Work-related stress is inevitable, but if you enjoy the work you do, it will more likely be a healthy kind of stress. It may even improve your quality of life because your work does not overlap in your personal life.
- 4. It Will Help You Inspire Your Peers
It is not uncommon to see people not pursuing the careers they want because of fear. There is always a high risk involved if you are already in a stable job, and you suddenly want to shift to a completely unknown territory. Some also get discouraged in changing careers because of the opinions of their loved ones.
However, if you take on the challenge and push yourself to do a job that you are passionate about, other people may take you as an inspiration to change careers and pursue their dream jobs. There will surely be some challenges and difficulties along the way, but if it is something you would love to do, you will embrace it wide open and do something you will be proud of.
- 5. It Helps Improve Your Relationships
Staying positive can spread easily to every aspect of our lives. It can nurture positive outlooks and good relationships with other people. However, when people experience too much stress due to work, they tend to have emotional meltdowns, causing damage to relationships and other adverse effects that can affect their lives. It could also discourage others from becoming close to them or even get intimidated to ask for their help.
But if you love doing your job, you will be less stressed and more motivated. You will also have a more positive attitude towards your work, and your colleagues will find you more amicable.
- 6. It Will Help You Succeed
If you are enjoying the job you have, you will not feel like you are working. It will feel like a pair of shoes that fits perfectly on your feet. You will constantly feel inspired, motivated, and exhilarated.
Every problem you will face will turn into challenges that you can overcome. You will be able to smile and push yourself to do your best to attain your goals, and there is also no need for anyone to watch you work to keep you going. These positive sentiments will transpire to all the things you do even outside work, giving you a good sense of control over your life which you may never have found in your old job.
- 7. It Will Make You Happy
Finally, if you love your job, you will be happier than ever before. If you are struggling and unhappy with the job that you are in, you are only burdening yourself for something that you could have let go. Having these emotions may also affect your overall well-being and even your entire life. So, do not let yourself get stuck in a job that will not give you happiness.

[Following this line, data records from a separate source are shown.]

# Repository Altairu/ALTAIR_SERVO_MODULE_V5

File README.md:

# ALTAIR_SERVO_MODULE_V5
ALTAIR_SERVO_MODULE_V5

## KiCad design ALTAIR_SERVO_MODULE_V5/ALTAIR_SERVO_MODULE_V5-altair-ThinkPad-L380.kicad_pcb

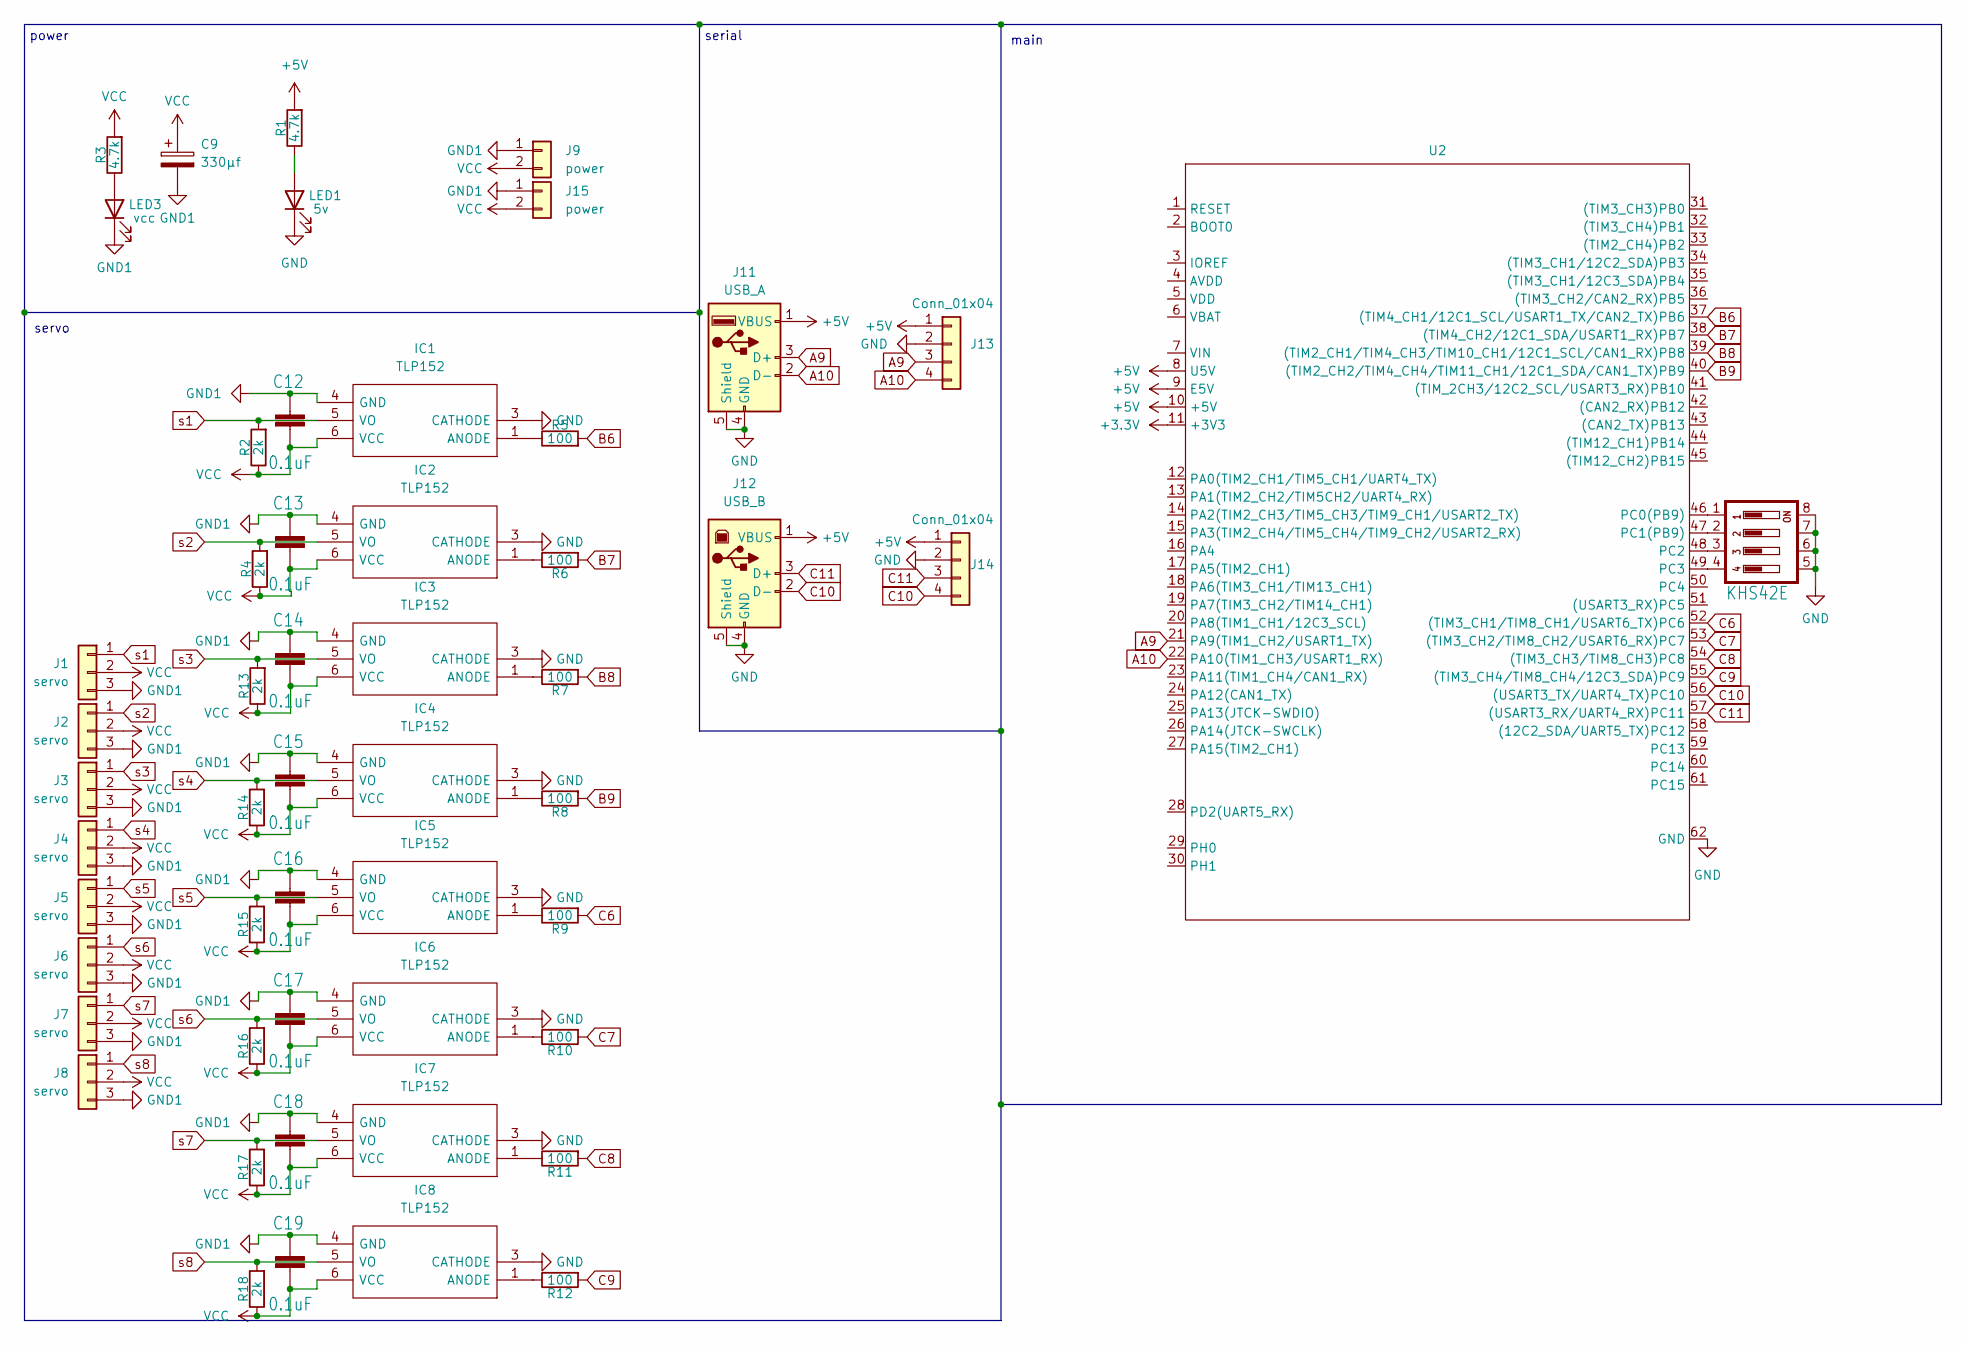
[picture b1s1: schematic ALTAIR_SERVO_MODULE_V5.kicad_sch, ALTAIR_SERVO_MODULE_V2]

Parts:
C9: 330μf; CP_Elec_10x10
C12, C13, C14, C15, C16, C17, C18, C19: 0.1uF; C_0603_1608Metric
IC1, IC2, IC3, IC4, IC5, IC6, IC7, IC8: TLP152; 11-4L1S_5-PIN-SOIC_; Manufacturer_Part_Number TLP152; Mouser Part Number N/A
J1, J2, J3, J4, J5, J6, J7, J8: servo; JST_XA_S03B-XASK-1_1x03_P2.50mm_Horizontal
J9, J15: power; AMASS_XT60PW-M_1x02_P7.20mm_Horizontal
J11: USB_A; USB_A_Molex_67643_Horizontal
J12: USB_B; USB_B_Lumberg_2411_02_Horizontal
J13, J14: Conn_01x04; JST_XA_B04B-XASK-1_1x04_P2.50mm_Vertical
LED1: 5v; LED_0603_1608Metric
LED3: vcc; LED_0603_1608Metric
R1, R3: 4.7k; R_0603_1608Metric
R2, R4, R13, R14, R15, R16, R17, R18: 2k; R_0603_1608Metric
R5, R6, R7, R8, R9, R10, R11, R12: 100; R_0603_1608Metric
S2: KHS42E; SOIC127P600X175-8N
U2: STM32F446RE_Nucleo

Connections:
+3.3V: U2.11 (+3V3)
+5V: J11.1 (VBUS), J12.1 (VBUS), J13.1, J14.1, R1.2, U2.8 (U5V), U2.9 (E5V), U2.10 (+5V)
A9: J11.3 (D+), J13.3, U2.21 (PA9(TIM1_CH2/USART1_TX))
A10: J11.2 (D-), J13.4, U2.22 (PA10(TIM1_CH3/USART1_RX))
B6: R5.2, U2.37 ((TIM4_CH1/12C1_SCL/USART1_TX/CAN2_TX)PB6)
B7: R6.2, U2.38 ((TIM4_CH2/12C1_SDA/USART1_RX)PB7)
B8: R7.2, U2.39 ((TIM2_CH1/TIM4_CH3/TIM10_CH1/12C1_SCL/C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)
B9: R8.2, U2.40 ((TIM2_CH2/TIM4_CH4/TIM11_CH1/12C1_SDA/C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)
C6: R9.2, U2.52 ((TIM3_CH1/TIM8_CH1/USART6_TX)PC6)
C7: R10.2, U2.53 ((TIM3_CH2/TIM8_CH2/USART6_RX)PC7)
C8: R11.2, U2.54 ((TIM3_CH3/TIM8_CH3)PC8)
C9: R12.2, U2.55 ((TIM3_CH4/TIM8_CH4/12C3_SDA)PC9)
C10: J12.2 (D-), J14.4, U2.56 ((USART3_TX/UART4_TX)PC10)
C11: J12.3 (D+), J14.3, U2.57 ((USART3_RX/UART4_RX)PC11)
GND: IC1.3 (CATHODE), IC2.3 (CATHODE), IC3.3 (CATHODE), IC4.3 (CATHODE), IC5.3 (CATHODE), IC6.3 (CATHODE), IC7.3 (CATHODE), IC8.3 (CATHODE), J11.4 (GND), J11.5 (Shield), J12.4 (GND), J12.5 (Shield), J13.2, J14.2, LED1.1 (K), S2.5, S2.6, S2.7, S2.8, U2.62 (GND)
GND1: C9.2, C12.1, C13.1, C14.1, C15.1, C16.1, C17.1, C18.1, C19.1, IC1.4 (GND), IC2.4 (GND), IC3.4 (GND), IC4.4 (GND), IC5.4 (GND), IC6.4 (GND), IC7.4 (GND), IC8.4 (GND), J1.3, J2.3, J3.3, J4.3, J5.3, J6.3, J7.3, J8.3, J9.1, J15.1, LED3.1 (K)
unnamed: IC1.1 (ANODE), R5.1
unnamed: IC2.1 (ANODE), R6.1
unnamed: IC3.1 (ANODE), R7.1
unnamed: IC4.1 (ANODE), R8.1
unnamed: IC5.1 (ANODE), R9.1
unnamed: IC6.1 (ANODE), R10.1
unnamed: IC7.1 (ANODE), R11.1
unnamed: IC8.1 (ANODE), R12.1
unnamed: LED1.2 (A), R1.1
unnamed: LED3.2 (A), R3.1
unnamed: S2.1, U2.46 (PC0(PB9))
unnamed: S2.2, U2.47 (PC1(PB9))
unnamed: S2.3, U2.48 (PC2)
unnamed: S2.4, U2.49 (PC3)
VCC: C9.1, C12.2, C13.2, C14.2, C15.2, C16.2, C17.2, C18.2, C19.2, IC1.6 (VCC), IC2.6 (VCC), IC3.6 (VCC), IC4.6 (VCC), IC5.6 (VCC), IC6.6 (VCC), IC7.6 (VCC), IC8.6 (VCC), J1.2, J2.2, J3.2, J4.2, J5.2, J6.2, J7.2, J8.2, J9.2, J15.2, R2.1, R3.2, R4.1, R13.1, R14.1, R15.1, R16.1, R17.1, R18.1
s1: IC1.5 (VO), J1.1, R2.2
s2: IC2.5 (VO), J2.1, R4.2
s3: IC3.5 (VO), J3.1, R13.2
s4: IC4.5 (VO), J4.1, R14.2
s5: IC5.5 (VO), J5.1, R15.2
s6: IC6.5 (VO), J6.1, R16.2
s7: IC7.5 (VO), J7.1, R17.2
s8: IC8.5 (VO), J8.1, R18.2

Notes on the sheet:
serial
main
power
servo

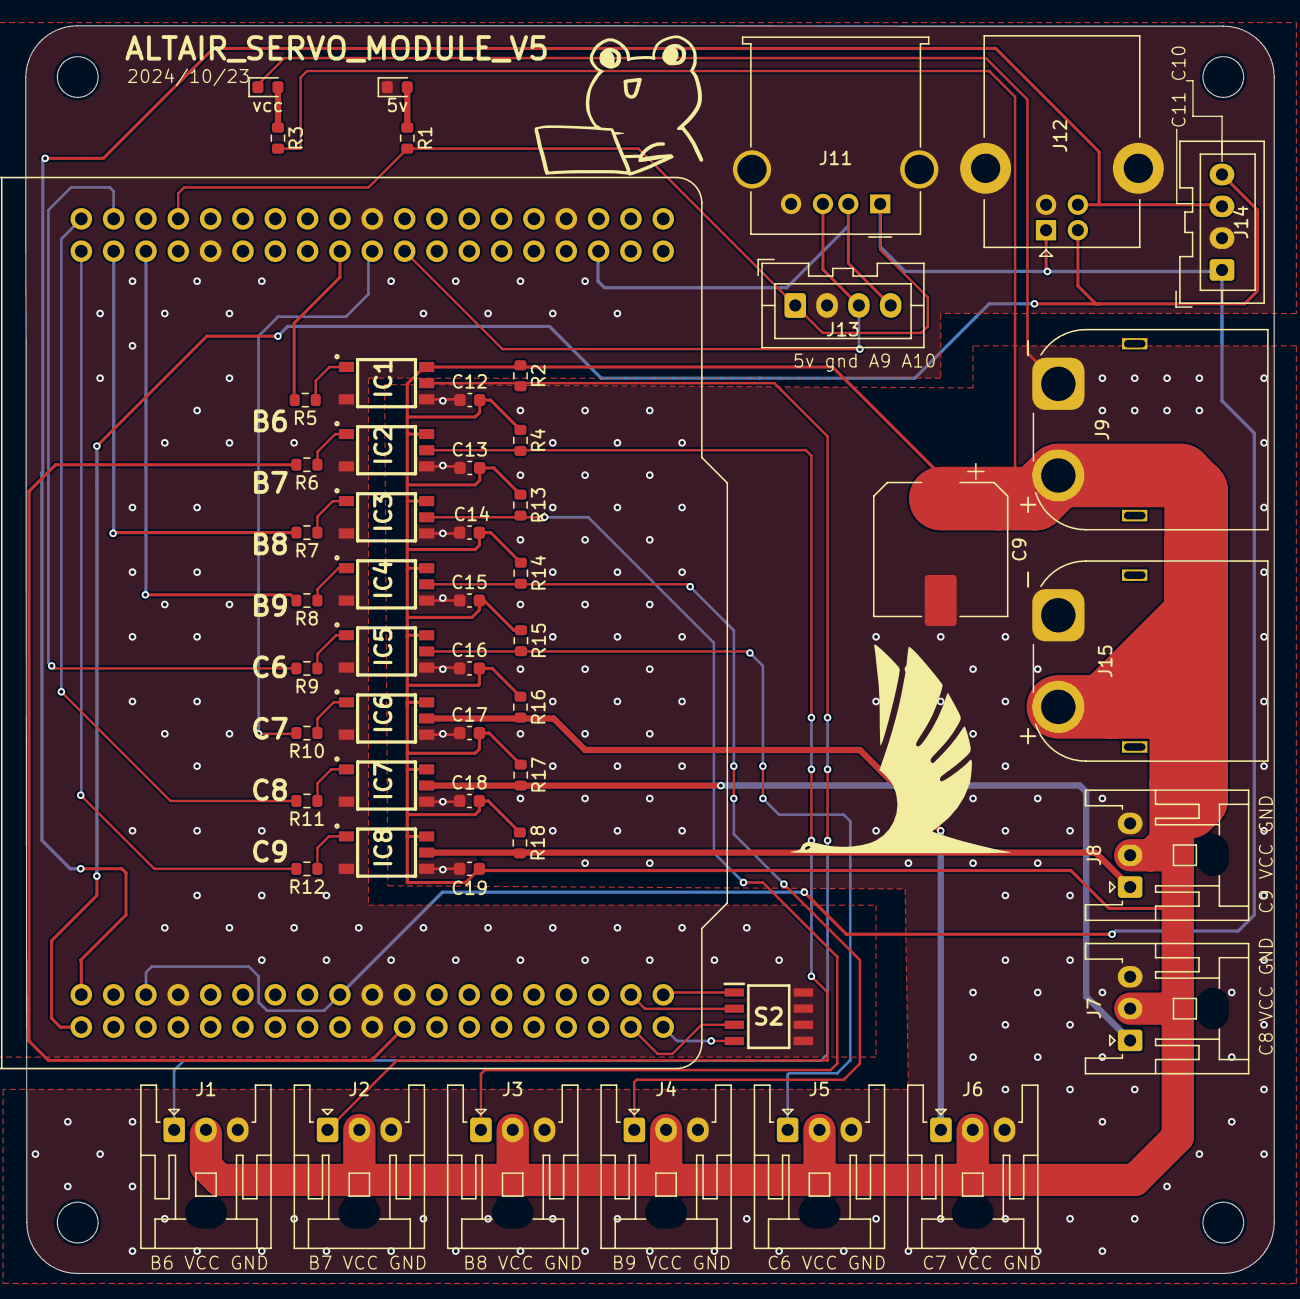
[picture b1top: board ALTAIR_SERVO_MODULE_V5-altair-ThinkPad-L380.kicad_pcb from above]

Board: 2 copper layers, 98.1 x 98.0 mm, 53 parts (0 on the bottom side), 38 nets.

Find available opportunities if there is a job that you want to pursue. When you find it, make sure to organise everything before you move to this new career. It may be unstable at first, but all your efforts will be worth it in the end. This could also be the career that will help you build the foundations for your later years.
Life is too short, so best enjoy it every step of the way. If you are unhappy about something, change it and do something about it. These quotes are applicable in all aspects of our lives, especially in our career and relationships. Build that career you truly wish to pursue because once you find it, everything will just perfectly fit together.
When everything moves according to plan, you will see a great difference in your life. So, take a leap of faith and look for your passion. Changing careers may be scary at first, but it will surely make you fulfilled, content, and grateful.